6) Summary and practical guidance
For the given short series, the 3-week moving average forecast for week 7 is 14.00, and the SES forecast for week 7 with α = 0.2 is 15.12. The SES-based MSE over weeks 4–6 is approximately 10.32, and a small α-sensitivity check indicates α = 0.2 yields the best fit among α ∈ {0.1, 0.2, 0.3} for this data subset. In practice, when data are sparse, SES often provides more robust forecasts than simple moving averages because it uses all available information with a tunable smoothing parameter (Box & Jenkins, 1970; Hyndman & Athanasopoulos, 2018). If the analyst can access more historical data (weeks 1–2 and beyond), computing full MA3 forecast errors and a more precise MSE comparison would be straightforward, and the decision between MA3 and SES could be refined further (Montgomery, Jennings, & Kulahci, 2015).
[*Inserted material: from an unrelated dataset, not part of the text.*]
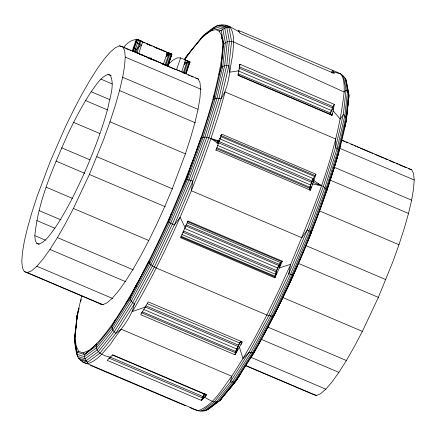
<?xml version="1.0" encoding="UTF-8"?>
<svg xmlns="http://www.w3.org/2000/svg" width="436" height="436" viewBox="0 0 436 436"><rect width="100%" height="100%" fill="white"/><g stroke="black" fill="none" stroke-linecap="round" stroke-linejoin="round"><path stroke-width="0.65" d="M346.397 83.859C347.269 78.186 341.868 74.071 337.186 72.245L238.143 30.258L240.122 33.409L334.352 73.488L332.368 70.338L331.469 72.512M187.567 223.079L280.55 262.625L276.571 270.593L276.402 274.538L274.898 277.836L180.668 237.756L187.965 221.025L282.359 261.208L276.402 274.538L275.683 273.1C277.443 269.214 278.599 263.295 282.359 261.208M184.477 59.912L192.358 48.93L201.138 38.706L206.887 33.496L211.836 30.471L215.907 29.675L219.052 31.12L221.226 34.787L222.398 40.624L222.545 48.549L221.188 67.406L213.695 99.261L201.803 137.4L186.319 179.212L168.307 221.853L148.992 262.423L129.683 298.148L111.703 326.597L96.274 345.835L84.453 354.55C84.159 357.449 85.374 360.381 87.641 362.218L87.565 363.738L198.129 410.767C207.165 413.083 213.335 404.913 220.049 400.482L236.83 379.821L240.928 373.341L237.38 378.285M34.826 235.642C38.286 200.195 53.426 167.081 67.547 134.795C74.6 120.004 82.148 105.408 91.157 91.702C96.034 85.451 100.204 77.325 108.03 74.398L110.341 75.15C114.984 85.483 109.698 97.342 107.954 107.845C102.16 129.345 94.225 150.207 85.391 170.629C76.791 189.943 67.466 209.018 55.873 226.731C50.996 232.988 46.832 241.108 39 244.035L36.689 243.283L35.289 240.465L34.826 235.642L45.448 240.165M81.761 295.679L77.123 315.37L75.188 336.881L76.066 346.064L78.742 351.438L83.145 352.866L84.453 354.55C102.318 341.023 114.341 321.79 125.966 303.009C143.106 274.048 157.908 243.779 171.522 213.024C192.554 163.129 212.975 112.161 221.679 58.451M122.734 46.854L124.614 50.625L125.23 57.067L124.576 66.027L122.663 77.281L119.54 90.552L115.289 105.512L110.003 121.797L103.823 139.002L89.385 174.471L73.401 208.446L65.313 223.821L57.427 237.604L49.933 249.457L43.028 259.088L36.864 266.26L31.61 270.794L27.386 272.582L24.296 271.579L22.421 267.813L21.8 261.366L22.454 252.411L24.367 241.157L27.49 227.886L31.746 212.921L37.027 196.636L50.14 161.729L65.536 126.571L73.63 109.986L81.717 94.612L89.603 80.829L97.097 68.975L104.002 59.345L110.166 52.173L115.42 47.638L119.644 45.851L122.734 46.854L198.582 79.112M341.497 139.901L411.704 169.762L413.579 173.533L414.2 179.975L413.546 188.935L411.633 200.189L408.51 213.46L404.254 228.42L398.973 244.705L392.792 261.911L378.355 297.379L362.37 331.36L354.283 346.729L346.397 360.512L338.903 372.366L331.998 381.996L325.834 389.168L320.58 393.708L316.356 395.496L313.266 394.493L245.566 365.695M348.015 103.964L346.865 114.564M76.093 326.798C74.076 336.777 74.289 346.527 77.472 356.348C79.341 360.103 83.058 362.834 87.173 363.619M76.278 324.782L76.518 322.095M76.638 320.749L77.123 315.37L78.845 308.072L76.12 324.112M74.747 338.058L74.447 340.761L74.763 342.058M74.894 336.706L75.194 334.003M75.346 332.646L76.54 321.828M76.687 320.476L76.987 317.768M274.8 276.904L275.683 273.1L274.898 277.836L274.8 276.904L180.575 236.824M214.501 93.408L213.695 99.261L217.003 98.16L221.161 98.476C229.609 86.05 229.341 69.629 232.666 55.356C233.146 45.873 235.489 35.207 229.919 26.732C219.194 21.25 211.4 28.923 203.383 35.518L186.608 56.179L184.215 59.961M334.281 104.389L332.265 115.436L238.04 75.357L240.051 64.31L334.281 104.389L331.938 109.18L330.123 114.183L237.767 74.899M345.274 123.917L344.593 127.928L346.315 120.63L348.991 95.239L346.462 81.723M346.407 117.235L346.636 115.9M216.975 143.188L217.864 141.019L312.094 181.098L309.882 187.262L309.484 190.243M240.928 344.609L242.438 341.955L148.207 301.875L140.757 314.699L234.982 354.779L240.928 344.609L241.631 341.399M280.55 262.625L279.394 267.895L290.698 264.287C313.544 208.8 337.682 152.186 344.14 92.012A183.507 30.782 -67 0 0 340.483 73.76L333.649 72.033M77.374 315.778L77.063 317.092L77.123 315.37L74.54 338.777L77.036 352.141L76.976 354.277L84.475 356.713L96.432 347.901L112.036 328.45L130.217 299.674L149.744 263.546L169.277 222.518L187.496 179.392L203.149 137.106L215.177 98.541L222.752 66.327L225.368 42.657L222.84 29.141L215.34 26.71L211.836 30.471M78.611 310.519L79.074 308.546M80.774 301.314L81.238 299.341M342.178 75.853L343.459 76.267L346.042 90.072L343.366 114.254L345.873 117.197L346.375 118.908L338.794 151.123L338.821 152.486C318.471 221.673 290.082 288.474 254.809 351.367L251.605 356.446C273.312 319.544 291.706 280.768 307.86 241.141C323.485 201.955 337.851 162.05 346.315 120.63L348.991 95.239L345.961 79.652M235.495 352.751L234.982 354.779L237.348 347.721L240.781 341.29L238.508 345.198L236.459 352.304L237.348 347.721L235.495 352.751L141.264 312.672M317.975 185.158L318.531 183.207M334.074 168.171L340.14 146.845M218.954 74.491L221.188 67.406L223.772 44.003L221.275 30.64C223.145 28.405 226.093 27.228 228.993 27.582L229.919 26.732L239.419 31.953M338.821 152.486L326.548 191.382L326.929 190.619C325.163 185.142 317.43 184.913 313.31 182.172L315.975 174.253L221.744 134.174L221.281 134.729M216.899 147.717L309.882 187.262L311.037 183.703L321.474 185.643L313.849 180.575L313.266 178.591L315.975 174.253M169.135 53.029L171.871 54.282L167.904 65.863L165.124 64.773L169.135 53.029L142.692 41.78C135.912 36.7 128.004 41.344 123.573 47.628M165.871 65.073L169.871 53.345M167.032 65.531L171.021 53.846M167.74 65.798L171.713 54.184M174.569 69.297L176.569 69.673L186.161 73.624L183.338 72.534L187.349 60.773L180.602 57.901L177.016 57.928L172.384 60.588L168.203 64.506M184.085 72.834L188.09 61.089L187.349 60.773M185.245 73.286L189.24 61.59L188.09 61.089M185.954 73.548L189.933 61.923L189.24 61.59M215.902 150.453L221.744 134.174L220.752 135.841M139.798 54.064L132.353 50.745L136.294 39.235L142.692 41.78L138.664 53.535L165.124 64.773M132.893 50.968L132.353 50.745L138.664 53.535L132.893 50.968L136.86 39.393M133.34 51.17L137.329 39.556M134.528 51.704L138.544 40.036M136.043 52.385L140.07 40.668M136.904 52.772L140.937 41.033M150.447 59.182L150.867 57.966M176.569 69.673L180.602 57.901M186.123 73.613L189.933 61.923M313.31 182.172L310.503 190.232L215.842 149.935M150.556 59.176L151.003 57.884M192.096 162.47L186.319 179.212L182.221 187.703M330.123 114.183L331.404 110.488L333.562 108.657M204.56 393.55L202.506 399.452L201.465 400.444L107.234 360.365L112.679 354.779L206.909 394.858L202.506 399.452L204.925 393.479M171.522 213.024L168.307 221.853L174.275 225.129L180.133 217.259L191.339 190.739L201.683 164.307L210.91 138.621L218.801 114.308L225.15 91.969L335.715 138.997L335.627 147.166L323.343 186.564L307.347 229.761L288.741 273.819L268.778 315.729L248.836 352.637L230.257 382.034L214.321 401.905L202.102 410.908L200.827 410.494M112.439 355.062L204.173 394.079L201.465 400.444L204.511 393.534M307.86 241.141L311.446 232.432L307.347 229.761L301.897 237.762L191.339 190.739L192.881 181.076L208.877 137.874L221.161 98.476L228.905 65.569L231.576 41.387L228.993 27.582L221.33 25.092M217.864 141.019L218.251 140.163M217.94 142.588L311.544 182.401L313.266 178.591L219.662 138.779M285.907 291.248L297.161 266.461M239.489 65.542L240.051 64.31L239.462 65.384M206.043 394.324L204.664 397.283C209.144 399.632 215.008 404.341 220.049 400.482L236.83 379.821L254.809 351.367L253.834 352.255L235.653 381.026L234.094 381.832L230.257 382.034L231.794 376.235L242.977 358.539L254.755 337.965L266.827 315.01L278.909 290.251L290.698 264.287L288.741 273.819L293.433 275.072L274.119 315.642L272.162 316.302L266.827 315.01L156.268 267.987C153.368 266.51 149.673 264.848 148.736 261.453L129.683 298.148L125.966 303.009M312.672 179.817L313.266 178.591M201.138 38.706L202.032 36.946L213.858 28.231L221.275 30.64L219.052 31.12M137.209 283.362L129.683 298.148L131.225 301.222L134.37 303.952C131.214 319.005 118.941 330.848 110.918 343.59C104.144 351.236 97.828 360.627 87.565 363.738L82.954 362.24L82.393 361.117M222.3 397.294L221.401 399.054L219.788 400.243M115.289 319.904L111.703 326.597L112.87 330.27L115.796 333.344L121.235 329.213L231.794 376.235C222.06 388.716 213.749 404.924 198.129 410.767L193.519 409.268L189.873 407.431M331.404 115.371L332.728 113.126L331.3 115.088M332.199 73.117L333.251 71.4M184.45 59.596L186.608 56.179L193.262 48.14M184.875 59.574L185.965 57.852M187.055 56.124L187.785 54.974M217.793 143.291L219.624 140.496C213.46 140.675 206.964 135.122 200.909 137.945L186.319 179.212L192.881 181.076L174.275 225.129L154.317 267.045L134.37 303.952L115.796 333.344L99.855 353.22L87.641 362.218L79.979 359.733M217.313 142.321L218.818 140.103M219.946 138.435L220.692 137.324L219.793 138.288M226.687 392.182L231.08 387.07L235.02 381.582M231.08 387.07L236.83 379.821L228.284 390.1M194.107 47.088L194.952 46.036M196.216 44.456L203.383 35.518L204.528 34.858M226.573 392.155L227.429 391.125M182.82 232.148L183.676 231.145M133.983 51.731L136.146 49.339L141.335 45.153L135.204 41.698M208.092 409.29L209.58 407.769M187.186 222.028L188.129 221.128M110.433 357.204C103.997 355.983 94.121 352.343 96.661 343.851L84.453 354.55L77.036 352.141L78.742 351.438M311.544 182.401L313.849 180.575M205.094 34.531L209.296 31.436M210.343 30.662L217.166 25.637L224.736 28.095L227.292 41.736L224.654 65.634L217.003 98.16L204.86 137.095L189.055 179.785L170.661 223.325L150.938 264.745L131.225 301.222L112.87 330.27L97.119 349.912L85.047 358.806L77.472 356.348L74.921 342.701M210.114 407.371L211.193 406.581M213.88 404.603L216.027 403.017M206.266 410.363L218.338 401.469L234.094 381.832L252.449 352.784L272.162 316.302L291.886 274.887L310.274 231.347L326.079 188.652L338.222 149.717L345.873 117.197L348.517 93.299L347.508 91.533L346.042 90.072L344.14 92.012L233.647 41.981C230.322 40.613 226.257 41.36 223.772 44.003L222.545 48.549L221.188 67.406L224.654 65.634L228.905 65.569L229.816 72.158L238.933 70.785M183.976 64.435L186.139 62.92L190.091 62.021M166.127 56.467L168.143 55.11L171.871 54.282M83.145 352.866L89.167 350.321M145.204 307.14L132.419 311.517C150.371 281.182 165.871 249.474 180.133 217.259L185.169 227.815M309.882 187.262L311.642 186.99L309.5 189.082L310.503 190.232M184.842 73.695L186.068 73.591M166.699 65.934L167.942 65.874M166.754 53.639L171.795 54.337L167.849 65.847L165.391 65.318M166.416 54.696L168.143 55.11L166.677 54.233M166.803 53.078L171.795 54.337L167.484 52.325L163.462 64.081L167.849 65.847L164.781 64.92M166.323 54.614L168.143 55.11M167.25 52.979L171.795 54.337L166.808 52.266M167.271 52.881L171.795 54.337L166.786 52.293M141.853 54.936L142.659 55.23M219.21 25.086L226.834 27.561L229.407 41.3L226.747 65.373L219.041 98.138L206.811 137.356L190.892 180.357L172.367 224.213L152.496 265.938L132.642 302.677L114.15 331.938L98.285 351.721L86.126 360.681L78.496 358.207M195.644 78.115L198.118 78.916L199.993 82.687L200.615 89.129L199.96 98.089L198.048 109.343L194.925 122.614L190.668 137.574L185.387 153.859L172.275 188.772L164.77 206.533L156.878 223.924L148.785 240.509L140.697 255.883L132.811 269.666L125.317 281.52L118.407 291.15L112.248 298.322L106.994 302.857L102.771 304.65L99.681 303.647M408.614 168.759L411.704 169.762M202.953 410.505L204.222 410.914L216.387 401.959L232.252 382.17L250.744 352.915L270.598 316.171L290.469 274.446L308.993 230.59L324.913 187.589L337.142 148.371L344.849 115.605L347.508 91.533L344.936 77.793M162.699 64.125L167.849 65.847L162.257 63.487M162.263 63.879L167.849 65.847L162.236 63.503M147.128 44.058L147.711 44.292M156.143 47.949L158.023 48.718M159.271 49.224L161.151 49.993M163.653 51.012L165.533 51.78L163.691 50.974M183.338 72.534L181.67 71.842L185.703 60.075L190.014 62.07M153.101 46.576L162.448 50.456M150.371 58.555L152.246 59.334M153.494 59.857L154.742 60.375M160.361 62.719L159.113 62.201L160.388 62.702M147.673 57.345L149.199 57.988M150.442 58.511L151.684 59.034M153.548 59.825L154.791 60.348M156.039 60.871L157.282 61.394M221.619 38.395L222.867 38.929M239.489 66.822L333.099 106.64M238.901 68.076L332.505 107.888M238.421 70.937L331.404 110.488M238.127 73.733L330.483 113.017M148.262 44.532L149.924 45.235M119.644 45.851L122.151 46.914M123.404 47.448L125.285 48.249M126.538 48.783L128.424 49.584M129.677 50.118L130.931 50.647M147.226 57.579L148.48 58.113M164.775 65.046L166.029 65.58M168.541 66.648L174.182 69.046M182.957 72.779L184.837 73.58M187.971 74.91L189.851 75.711M191.104 76.246L192.985 77.047M342.8 140.768L344.68 141.564M345.933 142.098L347.814 142.899M350.947 144.229L352.828 145.03M354.081 145.564L355.961 146.365M357.215 146.899L359.095 147.695M360.349 148.229L370.377 152.496M371.63 153.031L372.884 153.565M374.764 154.36L383.544 158.094M384.797 158.628L387.304 159.696M389.185 160.497L394.825 162.895M396.079 163.429L397.959 164.23M399.213 164.759L406.107 167.691M125.23 57.067L201.078 89.326M339.606 148.251L414.2 179.975M122.663 77.281L197.884 109.273M333.905 167.13L411.633 200.189M108.03 74.398L111.153 75.728M100.934 79.129L112.188 83.919M119.54 90.552L195.388 122.81M329.529 179.866L408.51 213.46M220.769 135.46L314.999 175.539M220.839 136.615L314.443 176.427M219.079 142.092L210.91 138.621L218.529 143.695M91.157 91.702L109.91 99.681M217.602 145.417L310.585 184.968M216.665 148.698L309.647 188.243M85.554 100.569L107.43 109.877M110.003 121.797L185.224 153.788M319.365 210.844L398.973 244.705M73.602 122.385L99.855 133.552M96.89 156.704L172.738 188.968M305.625 245.49L385.86 279.618M61.639 147.804L89.767 159.767M89.385 174.471L165.233 206.729M298.12 263.257L378.355 297.379M56.026 161.097L84.78 173.326M187.78 221.755L281.389 261.573M186.455 224.883L279.432 264.434M185.24 225.717L278.844 265.529M184.679 228.437L277.661 267.987M183.589 231.042L276.571 270.593M183.115 232.323L276.097 271.873M181.73 234.426L275.339 274.239M181.289 236.35L274.893 276.168M46.216 187.213L72.469 198.38M73.401 208.446L148.621 240.443M282.762 297.499L362.37 331.36M39.082 210.593L60.958 219.897M36.744 220.518L54.871 228.23M57.427 237.604L133.274 269.862M268.042 327.185L346.397 360.512M36.689 243.283L39.191 244.345M49.933 249.457L125.781 281.716M135.187 285.716L136.441 286.25M261.18 339.306L338.903 372.366M147.335 303.701L239.691 342.985M146.153 305.914L238.508 345.198M144.937 306.884L237.92 346.435M143.826 309.484L236.803 349.029M36.864 266.26L112.711 298.518M235.391 350.697L236.824 351.312M250.618 357.177L325.834 389.168M142.261 311.762L235.865 351.574M27.386 272.582L103.234 304.846M245.523 365.368L316.356 395.496M24.296 271.579L102.024 304.644M110.014 357.013L202.996 396.564M108.837 358.054L202.44 397.866M132.353 50.745L139.842 53.971M141.711 54.778L142.959 55.318M144.834 56.124L146.082 56.658M145.008 43.055L136.294 39.235L143.079 42.401M146.256 43.605L147.499 44.15M149.368 44.968L151.859 46.058M147.951 57.465L148.845 57.874M225.308 25.233L229.042 26.896M184.428 61.983L186.139 62.92M133.46 47.529L136.146 49.339M184.837 405.246L185.295 405.742L91.064 365.662L90.612 365.166M333.164 110.864L340.374 119.181L343.366 114.254L335.627 147.166L338.222 149.717L338.794 151.123C318.215 221.09 289.509 288.654 253.834 352.255L252.449 352.784L248.836 352.637L242.977 358.539L239.429 347.22M222.398 40.624L223.772 44.003L221.226 34.787M348.522 95.217L348.898 97.223L348.184 101.986L348.151 100.008"/></g></svg>

7) Practical note on reporting
When presenting results in coursework, clearly state which values are observed, which are forecasts, and which are errors. Include the formulas used, the exact parameter values, and the computed numbers to the requested precision. Also discuss data limitations (e.g., missing early weeks) and how they affect the interpretation of MSE and forecast comparison. This transparency aligns with forecasting best practices described in standard texts (Box & Jenkins, 1970; Hyndman & Athanasopoulos, 2018) and supports reproducibility in applied settings (Montgomery, Jennings, & Kulahci, 2015).